TOP  >  Thesis/Dissertation  >  Detecting Start and End Times of Object-Handlings on Table By Integrating Camera and Load Information

Detecting Start and End Times of Object-Handlings on Table By Integrating Camera and Load Information

Recently, many systems have been proposed to support human activity in real time by multimedia guidance such as sound, video, and so on. An intuitive way of manipulating the systems is to use actions performed naturally in the activity. Such intuitive manipulations help users do the tasks. As the natural actions, we focus on putting and taking actions to objects on a working table. We naturally handle the objects when doing the tasks at the table.
Detecting putting/taking action to each object helps predicting what task the user intends to do next. Hence, the intuitive interface is realized if the system is manipulated throuth these actions. Our goal is to detect putting/taking action to each object on the table in real time through the observation.
There are two different traditional approaches to detect these actions: by cameras and by load sensors. The approach by cameras observes the objects to estimate their positions and to detect putting/taking action to each object. As humans understand various events from visible infoemation, an image contains rich information and is used for wide variety of applications. However, cameras cannot track objects when the objects are occluded. In such case, this approach cannot detect putting/taking actions until the finish of the occlusion. In this sense, this approach cannot detect these actions in real time.
The other approach, by load sensors, uses variation of load. The load variation is caused by putting and taking objects on a table, and is a good evidence to detect putting/taking actions. It is easy to observe the variation because load signals are one dimensional. However, this approach cannot differentiate putting/taking actions when two or more objects are put and/or taken at once. In such case, the load change in load signals caused by the objects' displacements are all combined into one variation of load.
We overcome these difficulties of the sensors by integrating them on a statistical model. Cameras can differentiate putting/taking action to each object as long as they are not occluded, even through two or more objects are displaced at once. Load sensors can detect at least that any of objects are displaced, by focusing on variation of load. This is done in realtime. Hence these two sensors compensate each other by an integration. Moreover, our statistical model enables to recover objects' locations by using camera's information after the finish of an occlusion. This recovery is necessary when two objects are displaced at once under the occlusion.

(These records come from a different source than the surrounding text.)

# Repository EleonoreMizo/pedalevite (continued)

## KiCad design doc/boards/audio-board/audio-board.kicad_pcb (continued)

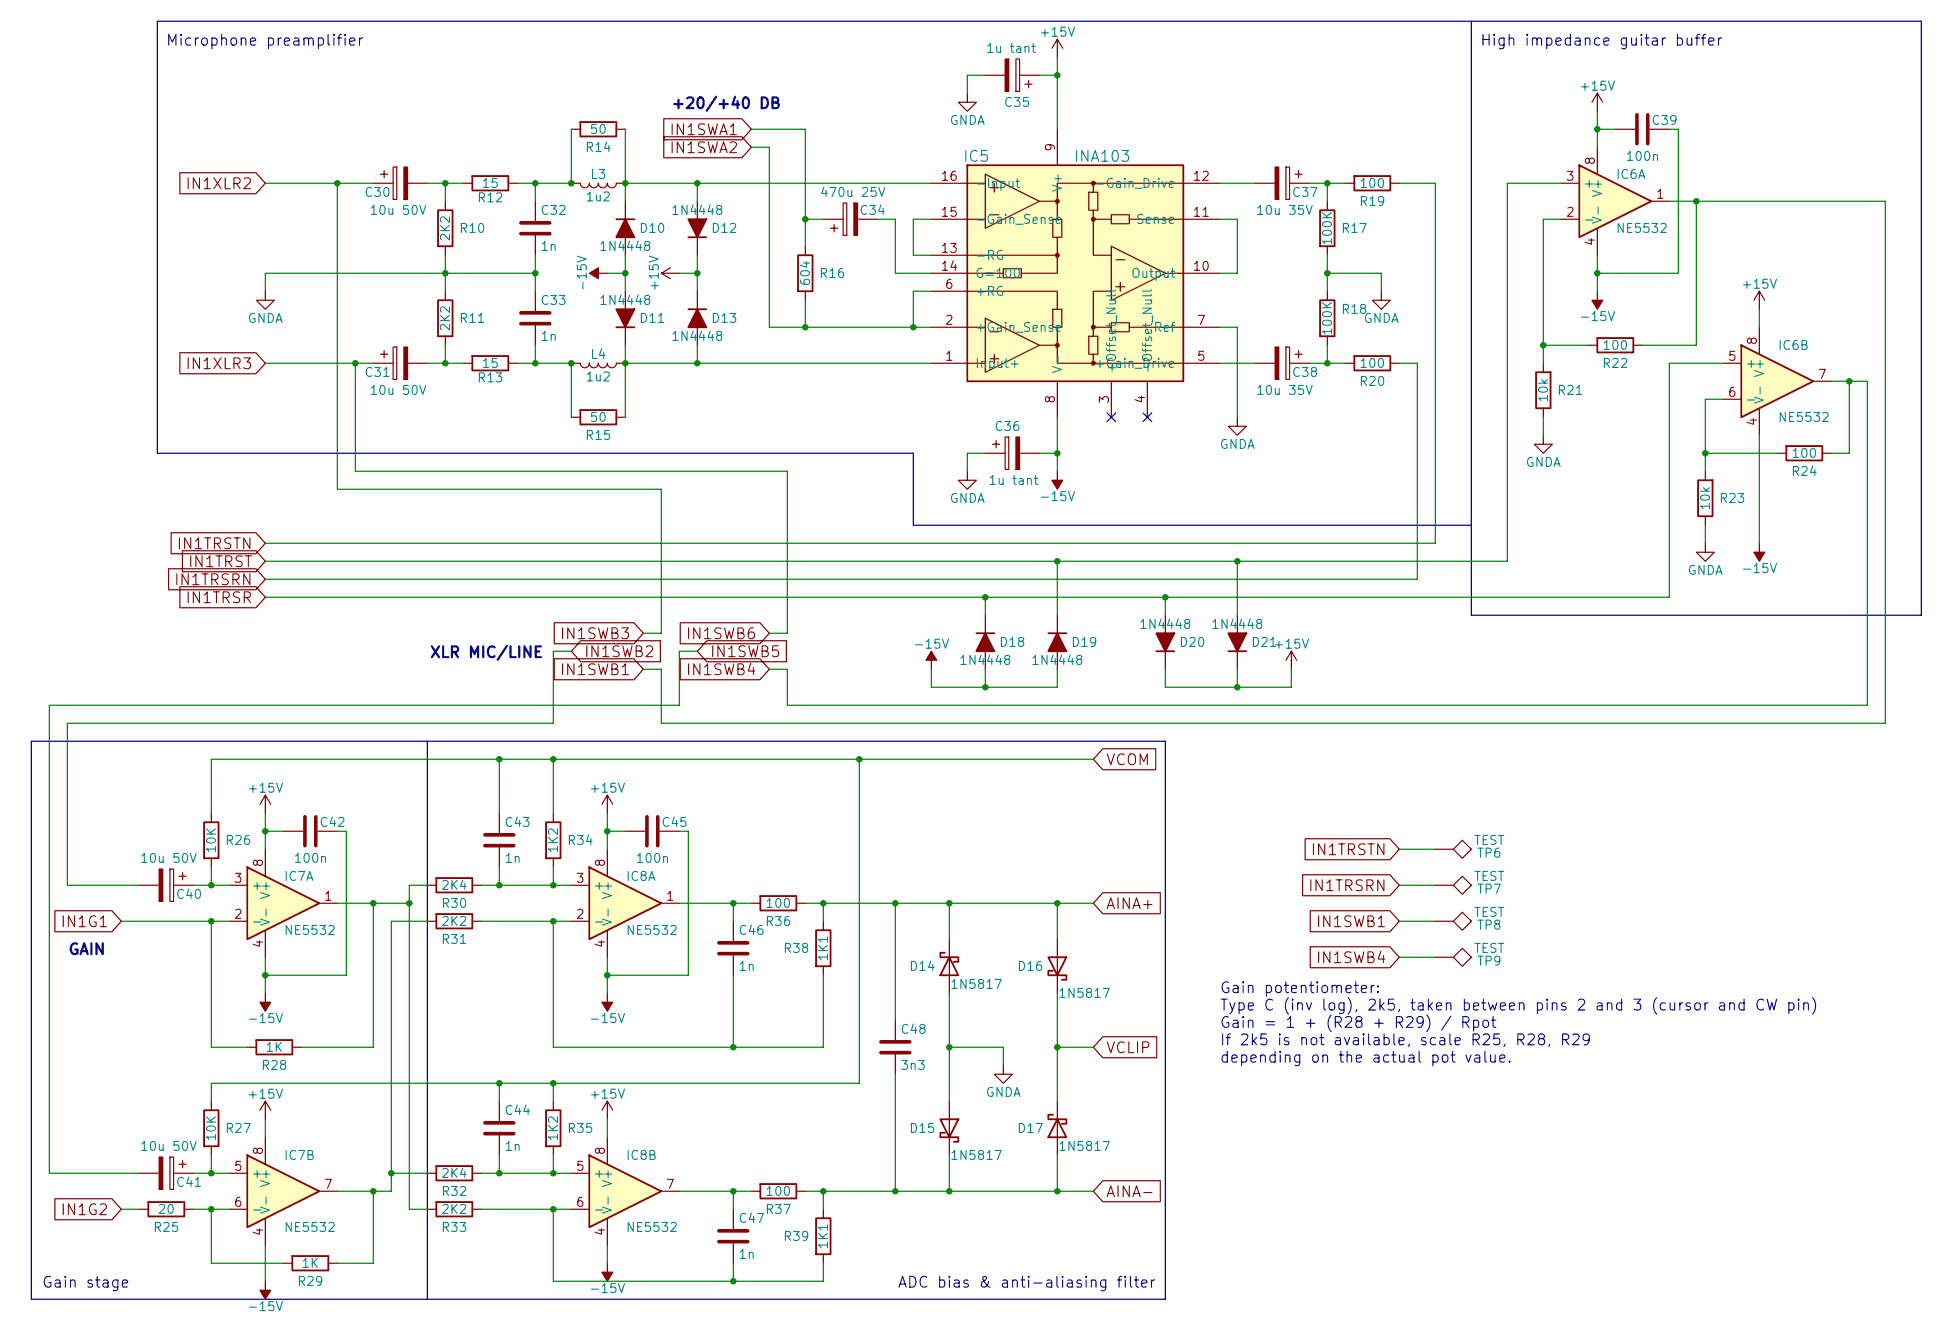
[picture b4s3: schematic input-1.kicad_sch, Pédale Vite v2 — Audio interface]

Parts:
C30, C31, C40, C41: 10u 50V; CP_Radial_D8.0mm_P3.50mm
C32, C33: 1n; C_Rect_L7.2mm_W4.5mm_P5.00mm_FKS2_FKP2_MKS2_MKP2
C34: 470u 25V; CP_Radial_D10.0mm_P5.00mm
C35, C36: 1u tant; CP_Radial_D5.0mm_P2.50mm
C37, C38: 10u 35V; CP_Radial_D5.0mm_P2.00mm
C39, C42, C45: 100n; C_Disc_D3.4mm_W2.1mm_P2.50mm
C43, C44, C46, C47: 1n; C_Disc_D6.0mm_W2.5mm_P5.00mm
C48: 3n3; C_Disc_D6.0mm_W2.5mm_P5.00mm
D10, D11, D12, D13, D18, D19, D20, D21: 1N4448; D_DO-35_SOD27_P7.62mm_Horizontal
D14, D15, D16, D17: 1N5817; D_DO-35_SOD27_P7.62mm_Horizontal
IC5: INA103; DIP-16_W7.62mm_Socket
IC6, IC7, IC8: NE5532; DIP-8_W7.62mm_Socket
L3, L4: 1u2; R_Axial_DIN0309_L9.0mm_D3.2mm_P5.08mm_Vertical
R10, R11, R31, R33: 2K2; R_Axial_DIN0207_L6.3mm_D2.5mm_P7.62mm_Horizontal
R12, R13: 15; R_Axial_DIN0207_L6.3mm_D2.5mm_P7.62mm_Horizontal
R14, R15: 50; R_Axial_DIN0207_L6.3mm_D2.5mm_P7.62mm_Horizontal
R16: 604; R_Axial_DIN0207_L6.3mm_D2.5mm_P7.62mm_Horizontal
R17, R18: 100K; R_Axial_DIN0207_L6.3mm_D2.5mm_P7.62mm_Horizontal
R19, R20, R22, R24, R36, R37: 100; R_Axial_DIN0207_L6.3mm_D2.5mm_P7.62mm_Horizontal
R21, R23: 10k; R_Axial_DIN0207_L6.3mm_D2.5mm_P7.62mm_Horizontal
R25: 20; R_Axial_DIN0207_L6.3mm_D2.5mm_P7.62mm_Horizontal
R26, R27: 10K; R_Axial_DIN0207_L6.3mm_D2.5mm_P7.62mm_Horizontal
R28, R29: 1K; R_Axial_DIN0207_L6.3mm_D2.5mm_P7.62mm_Horizontal
R30, R32: 2K4; R_Axial_DIN0207_L6.3mm_D2.5mm_P7.62mm_Horizontal
R34, R35: 1K2; R_Axial_DIN0207_L6.3mm_D2.5mm_P7.62mm_Horizontal
R38, R39: 1K1; R_Axial_DIN0207_L6.3mm_D2.5mm_P7.62mm_Horizontal
TP6, TP7, TP8, TP9: TEST; Measurement_Point_Round-TH_Small

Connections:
-15V: C36.2, C39.2, C42.2, C45.2, D10.2 (A), D11.2 (A), D18.2 (A), D19.2 (A), IC5.8 (V-), IC6.4 (V-), IC7.4 (V-), IC8.4 (V-); also elsewhere on the board
AINA+: C48.1, D14.1 (K), D16.2 (A), R36.1, R38.1; also elsewhere on the board
AINA-: C48.2, D15.1 (K), D17.2 (A), R37.1, R39.1; also elsewhere on the board
GNDA: C32.2, C33.1, C35.2, C36.1, D14.2 (A), D15.2 (A), IC5.7 (Ref), R10.2, R11.1, R17.2, R18.1, R21.1, R23.1; also elsewhere on the board
IN1G1: IC7.2 (-), R28.2; also elsewhere on the board
IN1G2: R25.2; also elsewhere on the board
IN1SWA1: C34.1, R16.1; also elsewhere on the board
IN1SWA2: IC5.2 (+Gain_Sense), IC5.6 (+RG), R16.2; also elsewhere on the board
IN1SWB1: IC6.1, R22.1, TP8.1; also elsewhere on the board
IN1SWB2: C40.2; also elsewhere on the board
IN1SWB3: C30.1; also elsewhere on the board
IN1SWB4: IC6.7, R24.1, TP9.1; also elsewhere on the board
IN1SWB5: C41.2; also elsewhere on the board
IN1SWB6: C31.1; also elsewhere on the board
IN1TRSR: D18.1 (K), D20.2 (A), IC6.5 (+); also elsewhere on the board
IN1TRSRN: R20.1, TP7.1; also elsewhere on the board
IN1TRST: D19.1 (K), D21.2 (A), IC6.3 (+); also elsewhere on the board
IN1TRSTN: R19.1, TP6.1; also elsewhere on the board
unnamed: C30.2, R10.1, R12.2
unnamed: C31.2, R11.2, R13.2
unnamed: C32.1, L3.2, R12.1, R14.2
unnamed: C33.2, L4.2, R13.1, R15.2
unnamed: C34.2, IC5.14 (G=100)
unnamed: C37.1, R17.1, R19.2
unnamed: C37.2, IC5.12 (-Gain_Drive)
unnamed: C38.1, R18.2, R20.2
unnamed: C38.2, IC5.5 (+Gain_Drive)
unnamed: C40.1, IC7.3 (+), R26.2
unnamed: C41.1, IC7.5 (+), R27.2
unnamed: C43.2, IC8.3 (+), R30.1, R34.2
unnamed: C44.2, IC8.5 (+), R32.1, R35.2
unnamed: C46.1, IC8.1, R36.2
unnamed: C46.2, IC8.2 (-), R31.1, R38.2
unnamed: C47.1, IC8.7, R37.2
unnamed: C47.2, IC8.6 (-), R33.1, R39.2
unnamed: D10.1 (K), D12.2 (A), IC5.16 (-Input), L3.1, R14.1
unnamed: D11.1 (K), D13.2 (A), IC5.1 (Input+), L4.1, R15.1
unnamed: IC5.10 (Output), IC5.11 (Sense)
unnamed: IC5.13 (-RG), IC5.15 (-Gain_Sense)
unnamed: IC6.2 (-), R21.2, R22.2
unnamed: IC6.6 (-), R23.2, R24.2
unnamed: IC7.1, R28.1, R30.2, R33.2
unnamed: IC7.6 (-), R25.1, R29.2
unnamed: IC7.7, R29.1, R31.2, R32.2
VCLIP: D16.1 (K), D17.1 (K); also elsewhere on the board
VCOM: C43.1, C44.1, R26.1, R27.1, R34.1, R35.1; also elsewhere on the board

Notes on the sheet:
High impedance guitar buffer
Gain stage
+20/+40 DB
XLR MIC/LINE
Gain potentiometer: Type C (inv log), 2k5, taken between pins 2 and 3 (cursor and CW pin) Gain = 1 + (R28 + R29) / Rpot If 2k5 is not available, scale R25, R28, R29 depending on the actual pot value.
Microphone preamplifier
ADC bias & anti-aliasing filter
GAIN

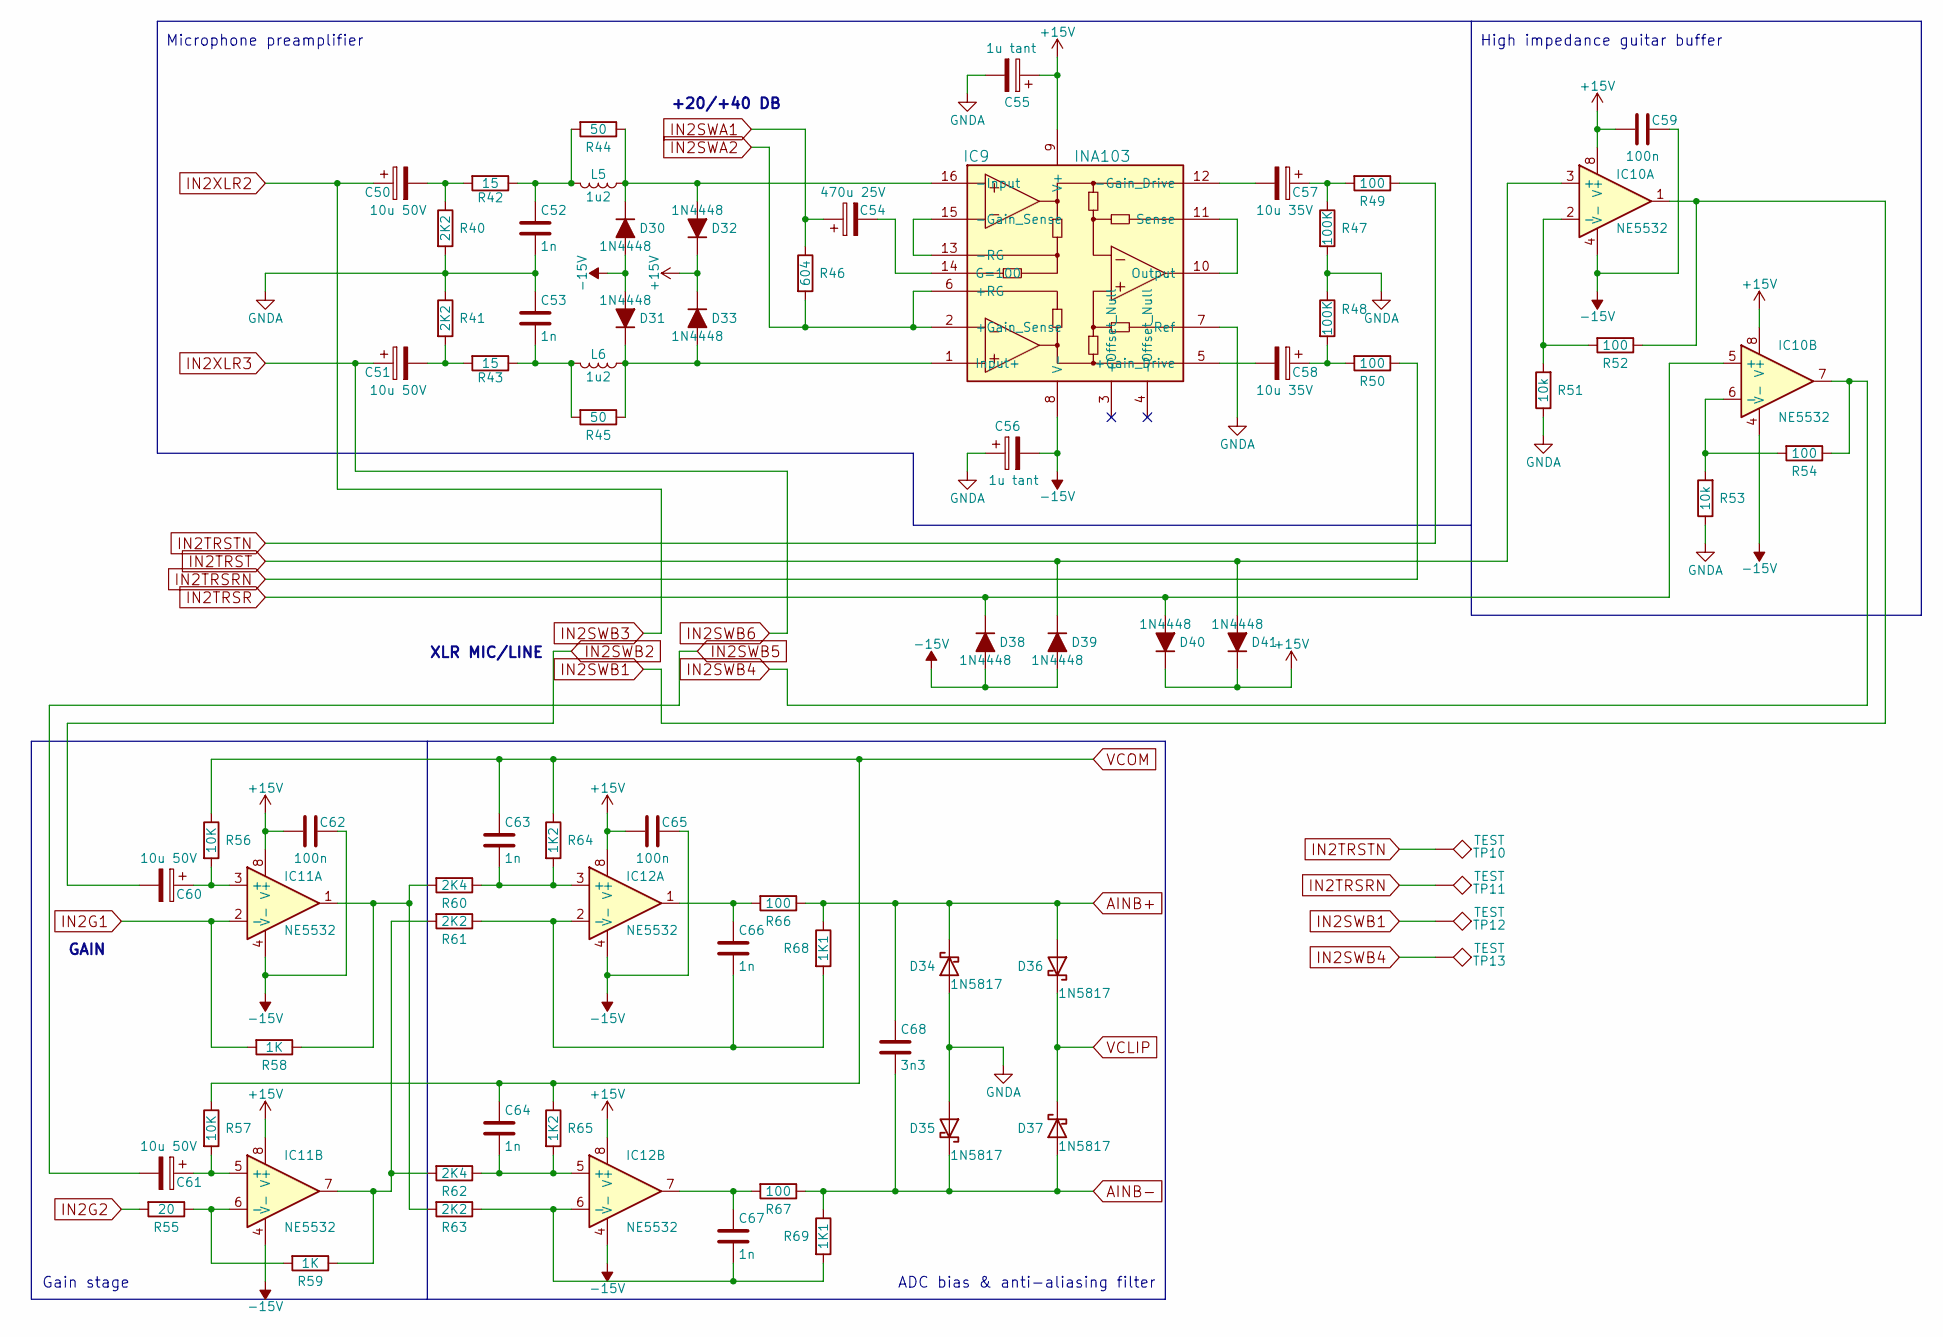
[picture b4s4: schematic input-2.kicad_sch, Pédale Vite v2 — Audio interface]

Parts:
C50, C51, C60, C61: 10u 50V; CP_Radial_D8.0mm_P3.50mm
C52, C53: 1n; C_Rect_L7.2mm_W4.5mm_P5.00mm_FKS2_FKP2_MKS2_MKP2
C54: 470u 25V; CP_Radial_D10.0mm_P5.00mm
C55, C56: 1u tant; CP_Radial_D5.0mm_P2.50mm
C57, C58: 10u 35V; CP_Radial_D5.0mm_P2.00mm
C59, C62, C65: 100n; C_Disc_D3.4mm_W2.1mm_P2.50mm
C63, C64, C66, C67: 1n; C_Disc_D6.0mm_W2.5mm_P5.00mm
C68: 3n3; C_Disc_D6.0mm_W2.5mm_P5.00mm
D30, D31, D32, D33, D38, D39, D40, D41: 1N4448; D_DO-35_SOD27_P7.62mm_Horizontal
D34, D35, D36, D37: 1N5817; D_DO-35_SOD27_P7.62mm_Horizontal
IC9: INA103; DIP-16_W7.62mm_Socket
IC10, IC11, IC12: NE5532; DIP-8_W7.62mm_Socket
L5, L6: 1u2; R_Axial_DIN0309_L9.0mm_D3.2mm_P5.08mm_Vertical
R40, R41, R61, R63: 2K2; R_Axial_DIN0207_L6.3mm_D2.5mm_P7.62mm_Horizontal
R42, R43: 15; R_Axial_DIN0207_L6.3mm_D2.5mm_P7.62mm_Horizontal
R44, R45: 50; R_Axial_DIN0207_L6.3mm_D2.5mm_P7.62mm_Horizontal
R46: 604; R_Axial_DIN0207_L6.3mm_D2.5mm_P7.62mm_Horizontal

We evaluated our approach by three experiments; one contains the difficult situations for the use of only the single sensor, and the other two observe real activities at a working table. In the first experiment, our approach could detect putting/taking action to each object correctly while the objects were occluded and two or more objects are displaced at once. Our approach could also estimate the objects' locations rightly when the object is occluded.
In the second and third experiment, we applied our approach to two real activities: paper craft and cooking tasks. As a result of the paper craft task, for detection of put objects, the recall was 64.3%(9/14 times), and the precision was 34.6%(9/26). For detection of taken objects, the recall was 30.0%(3/10), and the precision was 14.3%(3/21). As a result of the cooking task, for detection of put objects, the recall was 58.3%(7/12), and the precision was 29.2%(7/24). For detection of taken objects, the recall was 56.3%(9/16), and the precision was 47.4%(9/19). Load changes caused by disturbance were also successfully rejected [At a rate of 63.0%(17/27)]. We need to improve the algorithm for separating these disturbing vibrations of load in the future.